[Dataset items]
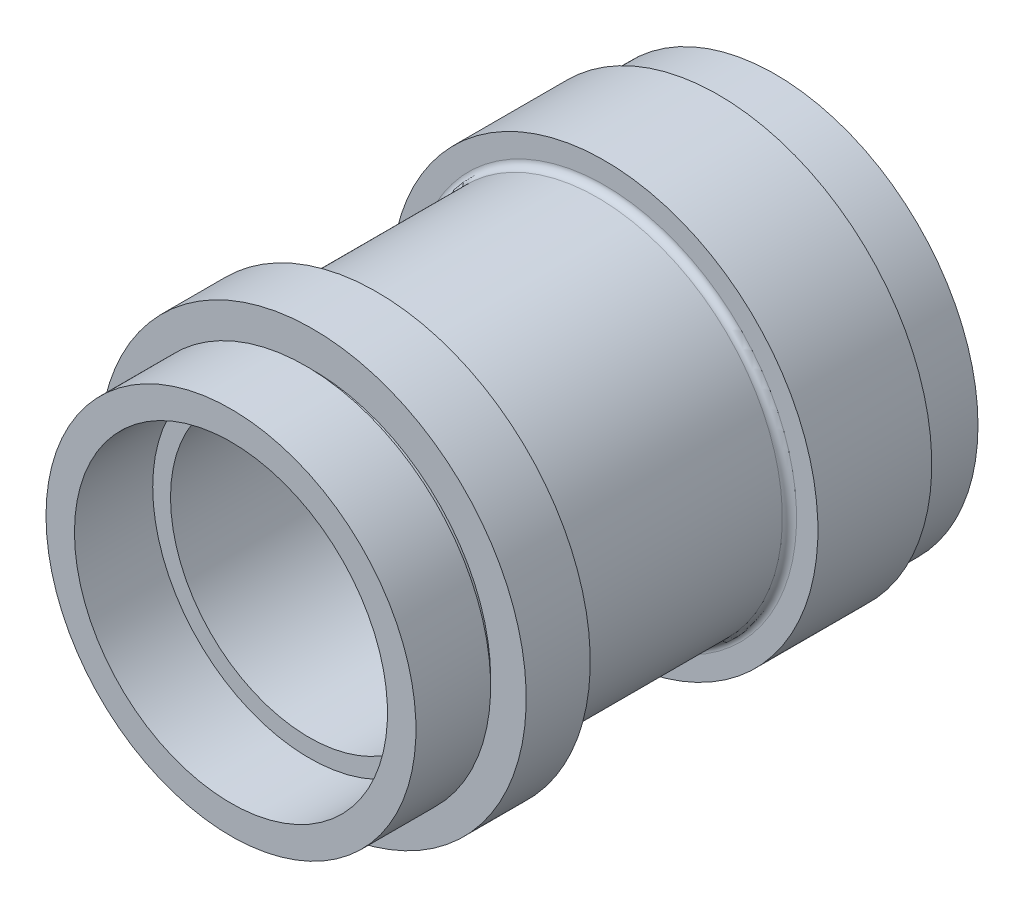
ISO-10303-21;
HEADER;
FILE_DESCRIPTION(('STEP AP214'),'2;1');
FILE_NAME('part.step','',(''),(''),'','','');
FILE_SCHEMA(('AUTOMOTIVE_DESIGN { 1 0 10303 214 1 1 1 1 }'));
ENDSEC;
DATA;
#1=APPLICATION_CONTEXT('core data for automotive mechanical design processes');
#2=APPLICATION_PROTOCOL_DEFINITION('international standard','automotive_design',2000,#1);
#3=PRODUCT_CONTEXT('',#1,'mechanical');
#4=PRODUCT('Part','Part','',(#3));
#5=PRODUCT_RELATED_PRODUCT_CATEGORY('part','',(#4));
#6=PRODUCT_DEFINITION_FORMATION('','',#4);
#7=PRODUCT_DEFINITION_CONTEXT('part definition',#1,'design');
#8=PRODUCT_DEFINITION('design','',#6,#7);
#9=PRODUCT_DEFINITION_SHAPE('','',#8);
#10=(LENGTH_UNIT() NAMED_UNIT(*) SI_UNIT(.MILLI.,.METRE.));
#11=(NAMED_UNIT(*) PLANE_ANGLE_UNIT() SI_UNIT($,.RADIAN.));
#12=(NAMED_UNIT(*) SI_UNIT($,.STERADIAN.) SOLID_ANGLE_UNIT());
#13=UNCERTAINTY_MEASURE_WITH_UNIT(LENGTH_MEASURE(1.E-05),#10,'distance_accuracy_value','');
#14=(GEOMETRIC_REPRESENTATION_CONTEXT(3) GLOBAL_UNCERTAINTY_ASSIGNED_CONTEXT((#13)) GLOBAL_UNIT_ASSIGNED_CONTEXT((#10,
#11,#12)) REPRESENTATION_CONTEXT('',''));
#15=CARTESIAN_POINT('',(0.,0.,0.));
#16=DIRECTION('',(0.,0.,1.));
#17=DIRECTION('',(1.,0.,0.));
#18=AXIS2_PLACEMENT_3D('',#15,#16,#17);
#19=CARTESIAN_POINT('',(0.,0.,32.5));
#20=DIRECTION('',(0.,0.,-1.));
#21=DIRECTION('',(-1.,0.,0.));
#22=AXIS2_PLACEMENT_3D('',#19,#20,#21);
#23=CYLINDRICAL_SURFACE('',#22,15.);
#24=CARTESIAN_POINT('',(0.,0.,28.));
#25=DIRECTION('',(0.,0.,-1.));
#26=DIRECTION('',(-1.,0.,0.));
#27=AXIS2_PLACEMENT_3D('',#24,#25,#26);
#28=CIRCLE('',#27,15.);
#29=CARTESIAN_POINT('',(-15.,0.,28.));
#30=VERTEX_POINT('',#29);
#31=EDGE_CURVE('E93',#30,#30,#28,.T.);
#32=CARTESIAN_POINT('',(0.,0.,32.5));
#33=DIRECTION('',(0.,0.,1.));
#34=DIRECTION('',(1.,0.,0.));
#35=AXIS2_PLACEMENT_3D('',#32,#33,#34);
#36=CIRCLE('',#35,15.);
#37=CARTESIAN_POINT('',(-15.,0.,32.5));
#38=VERTEX_POINT('',#37);
#39=EDGE_CURVE('E118',#38,#38,#36,.T.);
#40=CARTESIAN_POINT('',(-15.,0.,28.));
#41=CARTESIAN_POINT('',(-15.,0.,28.046875));
#42=CARTESIAN_POINT('',(-15.,0.,28.09375));
#43=CARTESIAN_POINT('',(-15.,0.,28.1875));
#44=CARTESIAN_POINT('',(-15.,0.,28.234375));
#45=CARTESIAN_POINT('',(-15.,0.,28.328125));
#46=CARTESIAN_POINT('',(-15.,0.,28.375));
#47=CARTESIAN_POINT('',(-15.,0.,28.46875));
#48=CARTESIAN_POINT('',(-15.,0.,28.515625));
#49=CARTESIAN_POINT('',(-15.,0.,28.609375));
#50=CARTESIAN_POINT('',(-15.,0.,28.65625));
#51=CARTESIAN_POINT('',(-15.,0.,28.75));
#52=CARTESIAN_POINT('',(-15.,0.,28.796875));
#53=CARTESIAN_POINT('',(-15.,0.,28.890625));
#54=CARTESIAN_POINT('',(-15.,0.,28.9375));
#55=CARTESIAN_POINT('',(-15.,0.,29.03125));
#56=CARTESIAN_POINT('',(-15.,0.,29.078125));
#57=CARTESIAN_POINT('',(-15.,0.,29.171875));
#58=CARTESIAN_POINT('',(-15.,0.,29.21875));
#59=CARTESIAN_POINT('',(-15.,0.,29.3125));
#60=CARTESIAN_POINT('',(-15.,0.,29.359375));
#61=CARTESIAN_POINT('',(-15.,0.,29.453125));
#62=CARTESIAN_POINT('',(-15.,0.,29.5));
#63=CARTESIAN_POINT('',(-15.,0.,29.59375));
#64=CARTESIAN_POINT('',(-15.,0.,29.640625));
#65=CARTESIAN_POINT('',(-15.,0.,29.734375));
#66=CARTESIAN_POINT('',(-15.,0.,29.78125));
#67=CARTESIAN_POINT('',(-15.,0.,29.875));
#68=CARTESIAN_POINT('',(-15.,0.,29.921875));
#69=CARTESIAN_POINT('',(-15.,0.,30.015625));
#70=CARTESIAN_POINT('',(-15.,0.,30.0625));
#71=CARTESIAN_POINT('',(-15.,0.,30.15625));
#72=CARTESIAN_POINT('',(-15.,0.,30.203125));
#73=CARTESIAN_POINT('',(-15.,0.,30.296875));
#74=CARTESIAN_POINT('',(-15.,0.,30.34375));
#75=CARTESIAN_POINT('',(-15.,0.,30.4375));
#76=CARTESIAN_POINT('',(-15.,0.,30.484375));
#77=CARTESIAN_POINT('',(-15.,0.,30.578125));
#78=CARTESIAN_POINT('',(-15.,0.,30.625));
#79=CARTESIAN_POINT('',(-15.,0.,30.71875));
#80=CARTESIAN_POINT('',(-15.,0.,30.765625));
#81=CARTESIAN_POINT('',(-15.,0.,30.859375));
#82=CARTESIAN_POINT('',(-15.,0.,30.90625));
#83=CARTESIAN_POINT('',(-15.,0.,31.));
#84=CARTESIAN_POINT('',(-15.,0.,31.046875));
#85=CARTESIAN_POINT('',(-15.,0.,31.140625));
#86=CARTESIAN_POINT('',(-15.,0.,31.1875));
#87=CARTESIAN_POINT('',(-15.,0.,31.28125));
#88=CARTESIAN_POINT('',(-15.,0.,31.328125));
#89=CARTESIAN_POINT('',(-15.,0.,31.421875));
#90=CARTESIAN_POINT('',(-15.,0.,31.46875));
#91=CARTESIAN_POINT('',(-15.,0.,31.5625));
#92=CARTESIAN_POINT('',(-15.,0.,31.609375));
#93=CARTESIAN_POINT('',(-15.,0.,31.703125));
#94=CARTESIAN_POINT('',(-15.,0.,31.75));
#95=CARTESIAN_POINT('',(-15.,0.,31.84375));
#96=CARTESIAN_POINT('',(-15.,0.,31.890625));
#97=CARTESIAN_POINT('',(-15.,0.,31.984375));
#98=CARTESIAN_POINT('',(-15.,0.,32.03125));
#99=CARTESIAN_POINT('',(-15.,0.,32.125));
#100=CARTESIAN_POINT('',(-15.,0.,32.171875));
#101=CARTESIAN_POINT('',(-15.,0.,32.265625));
#102=CARTESIAN_POINT('',(-15.,0.,32.3125));
#103=CARTESIAN_POINT('',(-15.,0.,32.40625));
#104=CARTESIAN_POINT('',(-15.,0.,32.453125));
#105=CARTESIAN_POINT('',(-15.,0.,32.5));
#106=B_SPLINE_CURVE_WITH_KNOTS('',3,(#40,#41,#42,#43,#44,#45,#46,#47,#48,#49,#50,#51,#52,#53,
#54,#55,#56,#57,#58,#59,#60,#61,#62,#63,#64,#65,#66,#67,#68,#69,#70,#71,#72,#73,#74,#75,#76,#77,
#78,#79,#80,#81,#82,#83,#84,#85,#86,#87,#88,#89,#90,#91,#92,#93,#94,#95,#96,#97,#98,#99,#100,
#101,#102,#103,#104,#105),.UNSPECIFIED.,.F.,.F.,(4,2,2,2,2,2,2,2,2,2,2,2,2,2,2,2,2,2,2,2,2,2,2,
2,2,2,2,2,2,2,2,2,4),(0.,0.140624999999998,0.28125,0.421874999999999,0.562499999999997,
0.703124999999999,0.843749999999997,0.984374999999996,1.125,1.265625,1.40624999999999,1.546875,
1.68749999999999,1.828125,1.96874999999999,2.10937499999999,2.25,2.39062499999999,2.53125,
2.67187499999999,2.81249999999999,2.95312499999999,3.09374999999999,3.23437499999999,
3.37499999999999,3.51562499999999,3.65624999999999,3.79687499999999,3.93749999999999,
4.07812499999999,4.21874999999999,4.35937499999999,4.49999999999999),.UNSPECIFIED.);
#107=EDGE_CURVE('BSEAM51',#30,#38,#106,.T.);
#108=ORIENTED_EDGE('',*,*,#31,.F.);
#109=ORIENTED_EDGE('',*,*,#39,.F.);
#110=ORIENTED_EDGE('',*,*,#107,.T.);
#111=ORIENTED_EDGE('',*,*,#107,.F.);
#112=EDGE_LOOP('',(#108,#110,#109,#111));
#113=FACE_BOUND('',#112,.T.);
#114=ADVANCED_FACE('F51',(#113),#23,.T.);
#115=CARTESIAN_POINT('',(0.,0.,32.5));
#116=DIRECTION('',(0.,0.,1.));
#117=DIRECTION('',(1.,0.,0.));
#118=AXIS2_PLACEMENT_3D('',#115,#116,#117);
#119=PLANE('',#118);
#120=CARTESIAN_POINT('',(0.,0.,32.5));
#121=DIRECTION('',(0.,0.,1.));
#122=DIRECTION('',(1.,0.,0.));
#123=AXIS2_PLACEMENT_3D('',#120,#121,#122);
#124=CIRCLE('',#123,12.5);
#125=CARTESIAN_POINT('',(12.5,0.,32.5));
#126=VERTEX_POINT('',#125);
#127=EDGE_CURVE('E11',#126,#126,#124,.T.);
#128=ORIENTED_EDGE('',*,*,#127,.F.);
#129=EDGE_LOOP('',(#128));
#130=FACE_BOUND('',#129,.T.);
#131=ORIENTED_EDGE('',*,*,#39,.T.);
#132=EDGE_LOOP('',(#131));
#133=FACE_BOUND('',#132,.T.);
#134=ADVANCED_FACE('F147',(#130,#133),#119,.T.);
#135=CARTESIAN_POINT('',(0.,0.,33.));
#136=DIRECTION('',(0.,0.,-1.));
#137=DIRECTION('',(-1.,0.,0.));
#138=AXIS2_PLACEMENT_3D('',#135,#136,#137);
#139=CYLINDRICAL_SURFACE('',#138,12.5);
#140=CARTESIAN_POINT('',(0.,0.,33.));
#141=DIRECTION('',(0.,0.,1.));
#142=DIRECTION('',(1.,0.,0.));
#143=AXIS2_PLACEMENT_3D('',#140,#141,#142);
#144=CIRCLE('',#143,12.5);
#145=CARTESIAN_POINT('',(12.5,0.,33.));
#146=VERTEX_POINT('',#145);
#147=EDGE_CURVE('E112',#146,#146,#144,.T.);
#148=ORIENTED_EDGE('',*,*,#147,.F.);
#149=EDGE_LOOP('',(#148));
#150=FACE_BOUND('',#149,.T.);
#151=ORIENTED_EDGE('',*,*,#127,.T.);
#152=EDGE_LOOP('',(#151));
#153=FACE_BOUND('',#152,.T.);
#154=ADVANCED_FACE('F154',(#150,#153),#139,.T.);
#155=CARTESIAN_POINT('',(0.,0.,38.25));
#156=DIRECTION('',(0.,0.,-1.));
#157=DIRECTION('',(-1.,0.,0.));
#158=AXIS2_PLACEMENT_3D('',#155,#156,#157);
#159=CYLINDRICAL_SURFACE('',#158,13.);
#160=CARTESIAN_POINT('',(0.,0.,38.25));
#161=DIRECTION('',(0.,0.,1.));
#162=DIRECTION('',(1.,0.,0.));
#163=AXIS2_PLACEMENT_3D('',#160,#161,#162);
#164=CIRCLE('',#163,13.);
#165=CARTESIAN_POINT('',(-13.,0.,38.25));
#166=VERTEX_POINT('',#165);
#167=EDGE_CURVE('E109',#166,#166,#164,.T.);
#168=CARTESIAN_POINT('',(0.,0.,33.));
#169=DIRECTION('',(0.,0.,1.));
#170=DIRECTION('',(1.,0.,0.));
#171=AXIS2_PLACEMENT_3D('',#168,#169,#170);
#172=CIRCLE('',#171,13.);
#173=CARTESIAN_POINT('',(-13.,0.,33.));
#174=VERTEX_POINT('',#173);
#175=EDGE_CURVE('E108',#174,#174,#172,.T.);
#176=CARTESIAN_POINT('',(-13.,0.,38.25));
#177=CARTESIAN_POINT('',(-13.,0.,38.1953125));
#178=CARTESIAN_POINT('',(-13.,0.,38.140625));
#179=CARTESIAN_POINT('',(-13.,0.,38.03125));
#180=CARTESIAN_POINT('',(-13.,0.,37.9765625));
#181=CARTESIAN_POINT('',(-13.,0.,37.8671875));
#182=CARTESIAN_POINT('',(-13.,0.,37.8125));
#183=CARTESIAN_POINT('',(-13.,0.,37.703125));
#184=CARTESIAN_POINT('',(-13.,0.,37.6484375));
#185=CARTESIAN_POINT('',(-13.,0.,37.5390625));
#186=CARTESIAN_POINT('',(-13.,0.,37.484375));
#187=CARTESIAN_POINT('',(-13.,0.,37.375));
#188=CARTESIAN_POINT('',(-13.,0.,37.3203125));
#189=CARTESIAN_POINT('',(-13.,0.,37.2109375));
#190=CARTESIAN_POINT('',(-13.,0.,37.15625));
#191=CARTESIAN_POINT('',(-13.,0.,37.046875));
#192=CARTESIAN_POINT('',(-13.,0.,36.9921875));
#193=CARTESIAN_POINT('',(-13.,0.,36.8828125));
#194=CARTESIAN_POINT('',(-13.,0.,36.828125));
#195=CARTESIAN_POINT('',(-13.,0.,36.71875));
#196=CARTESIAN_POINT('',(-13.,0.,36.6640625));
#197=CARTESIAN_POINT('',(-13.,0.,36.5546875));
#198=CARTESIAN_POINT('',(-13.,0.,36.5));
#199=CARTESIAN_POINT('',(-13.,0.,36.390625));
#200=CARTESIAN_POINT('',(-13.,0.,36.3359375));
#201=CARTESIAN_POINT('',(-13.,0.,36.2265625));
#202=CARTESIAN_POINT('',(-13.,0.,36.171875));
#203=CARTESIAN_POINT('',(-13.,0.,36.0625));
#204=CARTESIAN_POINT('',(-13.,0.,36.0078125));
#205=CARTESIAN_POINT('',(-13.,0.,35.8984375));
#206=CARTESIAN_POINT('',(-13.,0.,35.84375));
#207=CARTESIAN_POINT('',(-13.,0.,35.734375));
#208=CARTESIAN_POINT('',(-13.,0.,35.6796875));
#209=CARTESIAN_POINT('',(-13.,0.,35.5703125));
#210=CARTESIAN_POINT('',(-13.,0.,35.515625));
#211=CARTESIAN_POINT('',(-13.,0.,35.40625));
#212=CARTESIAN_POINT('',(-13.,0.,35.3515625));
#213=CARTESIAN_POINT('',(-13.,0.,35.2421875));
#214=CARTESIAN_POINT('',(-13.,0.,35.1875));
#215=CARTESIAN_POINT('',(-13.,0.,35.078125));
#216=CARTESIAN_POINT('',(-13.,0.,35.0234375));
#217=CARTESIAN_POINT('',(-13.,0.,34.9140625));
#218=CARTESIAN_POINT('',(-13.,0.,34.859375));
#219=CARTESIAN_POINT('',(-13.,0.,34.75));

▶ **Exercise**
Only the lines above from the line with "#172=CIRCLE('',#171,13.);" to the line with "#179=CARTESIAN_POINT('',(-13.,0.,38.03125));", those two lines included, should be reproduced exactly.

▶ **Written answer**
#172=CIRCLE('',#171,13.);
#173=CARTESIAN_POINT('',(-13.,0.,33.));
#174=VERTEX_POINT('',#173);
#175=EDGE_CURVE('E108',#174,#174,#172,.T.);
#176=CARTESIAN_POINT('',(-13.,0.,38.25));
#177=CARTESIAN_POINT('',(-13.,0.,38.1953125));
#178=CARTESIAN_POINT('',(-13.,0.,38.140625));
#179=CARTESIAN_POINT('',(-13.,0.,38.03125));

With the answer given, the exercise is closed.